The 86th Annual Academy Awards air live at the Dolby Theatre on Sunday, March 2 at 8 p.m. on ABC hosted by Ellen DeGeneres. Check here for a full list of nominations.

Friday, December 27, 2013

THE WOLF OF WALL STREET Review


Martin Scorsese's whoopin' and hollerin' "The Wolf of Wall Street" has a lot in common with David O. Russell's zany and freewheeling "American Hustle." They both deserved more time in the editing room, two overlong sagas that have been hotly anticipated by critics and will both be lauded by the Academy. Maybe I missed the boat. With Scorsese's "Wolf," we have a two-hour-and-fifty-nine-minute film chock full of scenes that could've been trimmed by minutes. Add those minutes up, and it's the running time audiences should've been spared. Adapted by screenwriter Terence Winter ("Boardwalk Empire," "The Sopranos,"), the story of Wall Street master swindler and money laundering expert who started his own firm at age 22 and went on to screw over millions is no sprawling epic. It's filmed as an unrelenting barrage of excess, hopped up on the cocaine and quaaludes Jordan Belfort (Leonardo DiCaprio) takes for breakfast and the rest of these guys put into their system to stay numb to their sins -- didn't I make a similar drug reference to "American Hustle"'s style? I digress.

It's a parade of debauchery. Cocaine, the outlawed prescription pill quaaludes, booze, parties, more booze, bikini-clad strippers, more quaaludes, topless hookers, bottomless hookers, Leonardo DiCaprio's sinfully gleeful Jordan Belfort banging his hot wife (Margot Robbie) on a literal bed of money. OK, OK, we get it. This guy's rich, has no regard for any of the victims piling up in the wake of his success and is choosing to completely ignore his inevitable capture and downfall, and instead he soldiers on with reckless abandon. Ninety minutes later, we're still looking at the same guy. Smart move to have the film narrated by Belfort and make it from his perspective, which turns the film into a (very dark) comedy. Otherwise we'd blow our brains out.

There's no denying that DiCaprio's performance here is the craziest he's done and arguably his going-all-out, over-the-top barbaric best. Belfort, obsessed with a reality of himself that could only possibly remain temporary, is cut from the same cloth of DiCaprio's Gatsby earlier this year. Just hopped up on coke. He drives a white Lamborghini, lives in a beautiful mansion, fuels his mind on a cocktail of drugs, commands his office like the leader of a clan and carelessly drunk-pilots his helicopter which otherwise rests perched atop his extravagant yacht.

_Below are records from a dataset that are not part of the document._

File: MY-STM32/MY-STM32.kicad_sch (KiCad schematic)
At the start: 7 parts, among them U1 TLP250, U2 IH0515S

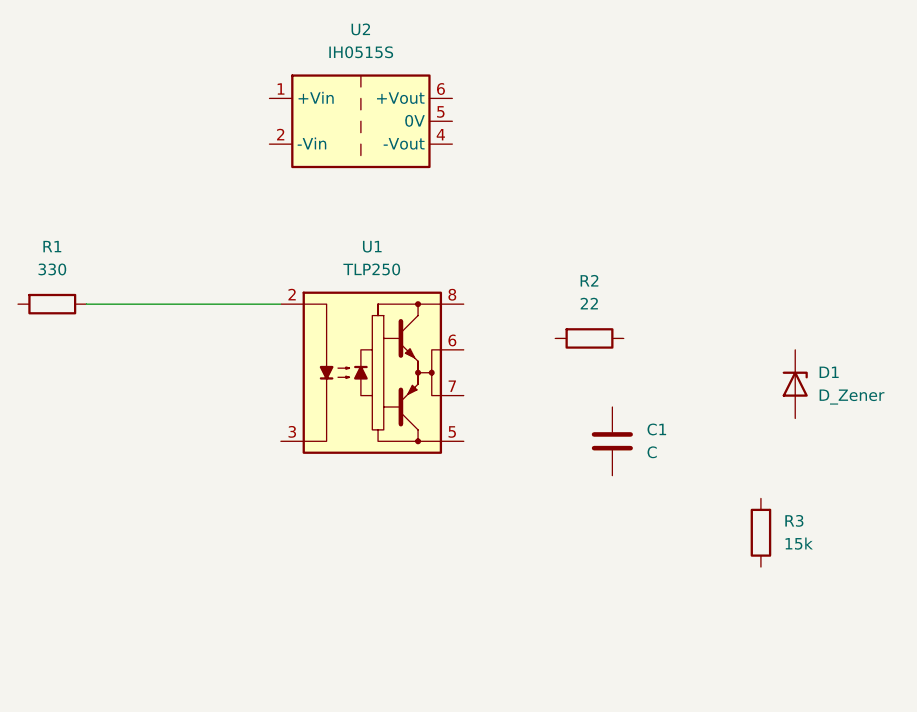
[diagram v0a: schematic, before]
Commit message: feat: add KiCad symbol parser and web preview
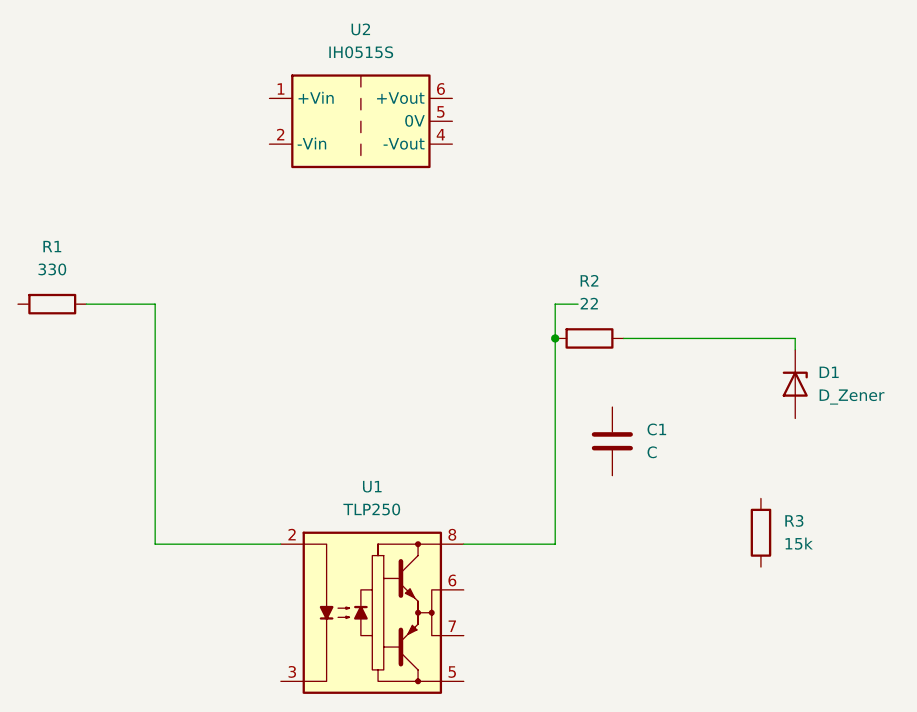
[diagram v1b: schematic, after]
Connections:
- net at U1.8 (VCC): now also R2.2
- net at R2.1: now also D1.1 (K)
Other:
- moved on the sheet: U1
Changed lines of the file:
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@@
 	(generator_version "10.0")
 	(paper "A4")
-	(wire
-		(pts
-			(xy 110.49 53.34) (xy 132.08 53.34)
+	(junction
+		(at 162.56 57.15)
+		(diameter 0)
+		(color 0 0 0 0)
+	)
+	(wire
+		(pts
+			(xy 170.18 57.15) (xy 189.23 57.15)
+		)
+		(stroke
+			(width 0)
+			(type default)
+		)
+	)
+	(wire
+		(pts
+			(xy 118.11 53.34) (xy 110.49 53.34)
+		)
+		(stroke
+			(width 0)
+			(type default)
+		)
+	)
+	(wire
+		(pts
+			(xy 162.56 80.01) (xy 162.56 57.15)
+		)
+		(stroke
+			(width 0)
+			(type default)
+		)
+	)
+	(wire
+		(pts
+			(xy 189.23 57.15) (xy 189.23 58.42)
+		)
+		(stroke
+			(width 0)
+			(type default)
+		)
+	)
+	(wire
+		(pts
+			(xy 162.56 53.34) (xy 165.1 53.34)
+		)
+		(stroke
+			(width 0)
+			(type default)
+		)
+	)
+	(wire
+		(pts
+			(xy 118.11 80.01) (xy 132.08 80.01)
+		)
+		(stroke
+			(width 0)
+			(type default)
+		)
+	)
+	(wire
+		(pts
+			(xy 152.4 80.01) (xy 162.56 80.01)
+		)
+		(stroke
+			(width 0)
+			(type default)
+		)
+	)
+	(wire
+		(pts
+			(xy 118.11 80.01) (xy 118.11 53.34)
+		)
+		(stroke
+			(width 0)
+			(type default)
+		)
+	)
+	(wire
+		(pts
+			(xy 162.56 53.34) (xy 162.56 57.15)
 		)
 		(stroke
@@
 	(symbol
 		(lib_id "Driver_FET:TLP250")
-		(at 142.24 60.96 0)
+		(at 142.24 87.63 0)
 		(unit 1)
 		(body_style 1)
@@
 		(fields_autoplaced yes)
 		(property "Reference" "U1"
-			(at 142.24 46.99 0)
+			(at 142.24 73.66 0)
 			(show_name no)
 			(do_not_autoplace no)
@@
 		)
 		(property "Value" "TLP250"
-			(at 142.24 49.53 0)
+			(at 142.24 76.2 0)
 			(show_name no)
 			(do_not_autoplace no)
@@
 		)
 		(property "Footprint" "Package_DIP:DIP-8_W7.62mm"
-			(at 142.24 71.12 0)
+			(at 142.24 97.79 0)
 			(hide yes)
 			(show_name no)
@@
 		)
 		(property "Datasheet" "http://toshiba.semicon-storage.com/info/docget.jsp?did=16821&prodName=TLP250"
-			(at 139.954 60.833 0)
+			(at 139.954 87.503 0)
 			(hide yes)
 			(show_name no)
@@
 		)
 		(property "Description" "Gate Drive Optocoupler, Output Current 1.5/1.5A, DIP-8"
-			(at 142.24 60.96 0)
-			(hide yes)
-			(show_name no)
+			(at 142.24 87.63 0)
+			(hide yes)
+			(show_name no)

There are a number of great scenes. The film's best is actually its quietest moment when Belfort sits face-to-face meeting the very FBI agent (Kyle Chandler) trying to take him down. Watch the conversation weave against Belfort's favor and his expression morph when he realizes it's not going his way. The polar opposite is a scene where Jonah Hill's Donnie Azoff, in a performance that's like a whacked-out version of his Oscar-nominated turn in "Moneyball," takes aged lemmon quaaludes with his co-conspirator Belfort. They slam a fistful of pills, rendering them rolling on the ground useless, slurring their speech and hardly in control of their motor skills. It's slapstick absurdity, and it's an unsettling riot.

Matthew McConaughey (still thin from "Dallas Buyers Club") drops by in two early scenes and steals the show, showing a young, eager, not yet tainted Belfort the ropes of brokering, mandating he masturbate two times a day in order to stay sharp. Later, when the seasoned Belfort shouts in a microphone to his crowded, rowdy room of sleazy brokers eager like a room full of horny frat boys, the movie is firing on all cylinders.

It's pop-pop, bang-bang, non-stop all the time in "Wolf." Keeping that momentum up drains an audience who's awaiting an outcome other than the bitterly predictable. Go out with something for us to gnaw on, mull over about the depravity and dark underbelly of the American dream, of the get rich quick mentality. The live-wire energy is there and never not boring, and it's a grandiose display of sensationalism and crass capitalism, but in the end, what's it all for?